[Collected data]
· · · ·
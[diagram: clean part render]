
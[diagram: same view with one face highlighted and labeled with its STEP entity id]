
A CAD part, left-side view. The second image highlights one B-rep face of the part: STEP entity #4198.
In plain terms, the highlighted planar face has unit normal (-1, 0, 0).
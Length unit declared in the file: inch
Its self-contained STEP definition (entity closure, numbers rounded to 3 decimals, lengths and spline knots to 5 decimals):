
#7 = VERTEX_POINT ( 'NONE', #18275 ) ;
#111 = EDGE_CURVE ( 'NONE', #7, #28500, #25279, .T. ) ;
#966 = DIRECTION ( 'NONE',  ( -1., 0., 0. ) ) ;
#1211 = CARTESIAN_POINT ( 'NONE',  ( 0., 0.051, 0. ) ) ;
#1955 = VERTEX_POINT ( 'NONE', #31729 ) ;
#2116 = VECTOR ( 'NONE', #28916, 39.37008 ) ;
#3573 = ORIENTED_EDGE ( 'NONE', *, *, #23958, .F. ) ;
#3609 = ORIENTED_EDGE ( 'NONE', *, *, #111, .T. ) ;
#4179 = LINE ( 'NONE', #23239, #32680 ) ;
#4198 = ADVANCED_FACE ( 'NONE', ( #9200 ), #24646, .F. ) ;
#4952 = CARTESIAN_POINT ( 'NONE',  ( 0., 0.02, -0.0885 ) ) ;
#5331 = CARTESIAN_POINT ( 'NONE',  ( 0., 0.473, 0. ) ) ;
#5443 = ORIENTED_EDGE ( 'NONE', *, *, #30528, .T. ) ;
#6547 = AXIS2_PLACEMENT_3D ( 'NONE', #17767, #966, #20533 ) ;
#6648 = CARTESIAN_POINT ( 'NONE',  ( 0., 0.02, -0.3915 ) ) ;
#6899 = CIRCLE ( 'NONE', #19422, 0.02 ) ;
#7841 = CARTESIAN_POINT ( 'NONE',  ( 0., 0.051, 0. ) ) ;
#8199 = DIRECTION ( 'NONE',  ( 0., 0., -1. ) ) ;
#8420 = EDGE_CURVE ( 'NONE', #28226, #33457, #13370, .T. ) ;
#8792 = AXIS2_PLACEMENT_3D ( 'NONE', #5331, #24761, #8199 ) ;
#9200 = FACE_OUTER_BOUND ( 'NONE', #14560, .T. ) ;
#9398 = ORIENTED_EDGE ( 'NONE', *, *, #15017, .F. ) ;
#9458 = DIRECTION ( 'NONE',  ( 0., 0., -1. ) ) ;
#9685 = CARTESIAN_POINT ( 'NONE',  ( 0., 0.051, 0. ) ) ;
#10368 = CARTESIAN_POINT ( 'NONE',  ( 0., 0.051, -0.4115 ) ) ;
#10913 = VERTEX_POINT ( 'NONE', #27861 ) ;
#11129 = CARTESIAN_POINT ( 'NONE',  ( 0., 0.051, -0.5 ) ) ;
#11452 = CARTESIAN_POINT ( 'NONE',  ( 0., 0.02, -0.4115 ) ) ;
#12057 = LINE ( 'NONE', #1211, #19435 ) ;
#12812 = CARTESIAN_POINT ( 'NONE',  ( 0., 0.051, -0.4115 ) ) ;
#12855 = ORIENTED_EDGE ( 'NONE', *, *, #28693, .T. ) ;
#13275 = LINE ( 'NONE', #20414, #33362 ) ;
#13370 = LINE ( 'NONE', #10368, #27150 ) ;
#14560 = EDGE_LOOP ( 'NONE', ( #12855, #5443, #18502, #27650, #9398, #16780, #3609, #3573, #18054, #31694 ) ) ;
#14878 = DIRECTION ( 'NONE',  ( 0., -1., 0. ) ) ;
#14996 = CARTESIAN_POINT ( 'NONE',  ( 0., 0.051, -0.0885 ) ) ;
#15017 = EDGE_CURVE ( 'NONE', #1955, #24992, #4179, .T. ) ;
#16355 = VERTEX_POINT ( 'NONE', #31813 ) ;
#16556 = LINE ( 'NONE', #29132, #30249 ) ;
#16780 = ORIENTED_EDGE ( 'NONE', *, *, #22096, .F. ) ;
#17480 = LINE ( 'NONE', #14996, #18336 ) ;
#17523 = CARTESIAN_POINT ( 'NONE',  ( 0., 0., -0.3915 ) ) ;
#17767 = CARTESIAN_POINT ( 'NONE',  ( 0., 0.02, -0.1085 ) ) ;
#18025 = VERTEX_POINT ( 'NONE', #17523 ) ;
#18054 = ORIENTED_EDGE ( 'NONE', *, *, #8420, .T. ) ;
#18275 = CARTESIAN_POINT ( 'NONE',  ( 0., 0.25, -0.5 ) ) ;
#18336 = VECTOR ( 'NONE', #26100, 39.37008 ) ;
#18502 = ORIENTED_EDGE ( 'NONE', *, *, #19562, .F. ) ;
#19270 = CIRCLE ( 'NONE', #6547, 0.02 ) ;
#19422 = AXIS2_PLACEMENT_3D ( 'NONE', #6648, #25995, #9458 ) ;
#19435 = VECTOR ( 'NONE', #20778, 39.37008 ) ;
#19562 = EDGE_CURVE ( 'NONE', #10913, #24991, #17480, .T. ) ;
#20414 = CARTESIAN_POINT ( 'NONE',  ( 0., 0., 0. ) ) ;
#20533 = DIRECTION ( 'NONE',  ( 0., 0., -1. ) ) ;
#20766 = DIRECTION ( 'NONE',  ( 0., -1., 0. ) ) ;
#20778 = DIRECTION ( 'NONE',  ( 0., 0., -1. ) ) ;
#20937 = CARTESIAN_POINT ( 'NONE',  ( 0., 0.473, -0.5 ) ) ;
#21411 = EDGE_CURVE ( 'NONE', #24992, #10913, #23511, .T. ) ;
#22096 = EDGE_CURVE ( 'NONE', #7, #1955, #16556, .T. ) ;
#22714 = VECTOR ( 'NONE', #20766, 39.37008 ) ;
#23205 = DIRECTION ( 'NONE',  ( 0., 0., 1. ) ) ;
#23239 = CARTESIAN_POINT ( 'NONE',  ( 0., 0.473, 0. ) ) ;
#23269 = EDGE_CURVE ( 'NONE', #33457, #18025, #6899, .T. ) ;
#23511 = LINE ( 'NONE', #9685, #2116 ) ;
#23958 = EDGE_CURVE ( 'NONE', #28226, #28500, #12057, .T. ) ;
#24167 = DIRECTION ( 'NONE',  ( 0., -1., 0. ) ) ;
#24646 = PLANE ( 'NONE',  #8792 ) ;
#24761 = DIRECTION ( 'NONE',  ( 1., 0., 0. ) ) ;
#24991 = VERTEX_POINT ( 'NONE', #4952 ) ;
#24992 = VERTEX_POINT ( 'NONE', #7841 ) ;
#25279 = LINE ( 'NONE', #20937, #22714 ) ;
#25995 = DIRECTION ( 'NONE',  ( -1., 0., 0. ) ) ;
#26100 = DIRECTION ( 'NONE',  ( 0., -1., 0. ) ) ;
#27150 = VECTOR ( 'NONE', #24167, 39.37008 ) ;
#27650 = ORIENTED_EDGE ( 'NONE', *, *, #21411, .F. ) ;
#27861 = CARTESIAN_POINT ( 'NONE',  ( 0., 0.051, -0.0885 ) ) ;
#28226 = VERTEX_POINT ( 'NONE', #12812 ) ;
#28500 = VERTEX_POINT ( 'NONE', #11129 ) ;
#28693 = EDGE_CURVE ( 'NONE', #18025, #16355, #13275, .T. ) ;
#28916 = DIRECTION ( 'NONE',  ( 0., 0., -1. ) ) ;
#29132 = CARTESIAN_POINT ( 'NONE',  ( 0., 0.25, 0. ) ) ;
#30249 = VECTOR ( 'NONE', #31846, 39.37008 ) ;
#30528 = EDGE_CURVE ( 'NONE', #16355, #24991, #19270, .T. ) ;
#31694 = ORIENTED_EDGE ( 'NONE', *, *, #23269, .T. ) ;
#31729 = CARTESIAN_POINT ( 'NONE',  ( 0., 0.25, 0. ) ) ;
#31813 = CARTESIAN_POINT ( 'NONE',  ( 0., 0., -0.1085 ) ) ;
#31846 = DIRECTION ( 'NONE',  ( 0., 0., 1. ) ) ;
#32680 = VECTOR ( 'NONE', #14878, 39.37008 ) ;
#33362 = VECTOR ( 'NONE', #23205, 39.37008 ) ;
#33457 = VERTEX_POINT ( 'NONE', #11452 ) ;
· · · ·
** Exercise prompt **
Given the records above, return exactly the lines starting at the line containing "#5331 = CARTESIAN_POINT" and ending at the line containing "#8792 = AXIS2_PLACEMENT_3D", including both.

** Worked solution **
#5331 = CARTESIAN_POINT ( 'NONE',  ( 0., 0.473, 0. ) ) ;
#5443 = ORIENTED_EDGE ( 'NONE', *, *, #30528, .T. ) ;
#6547 = AXIS2_PLACEMENT_3D ( 'NONE', #17767, #966, #20533 ) ;
#6648 = CARTESIAN_POINT ( 'NONE',  ( 0., 0.02, -0.3915 ) ) ;
#6899 = CIRCLE ( 'NONE', #19422, 0.02 ) ;
#7841 = CARTESIAN_POINT ( 'NONE',  ( 0., 0.051, 0. ) ) ;
#8199 = DIRECTION ( 'NONE',  ( 0., 0., -1. ) ) ;
#8420 = EDGE_CURVE ( 'NONE', #28226, #33457, #13370, .T. ) ;
#8792 = AXIS2_PLACEMENT_3D ( 'NONE', #5331, #24761, #8199 ) ;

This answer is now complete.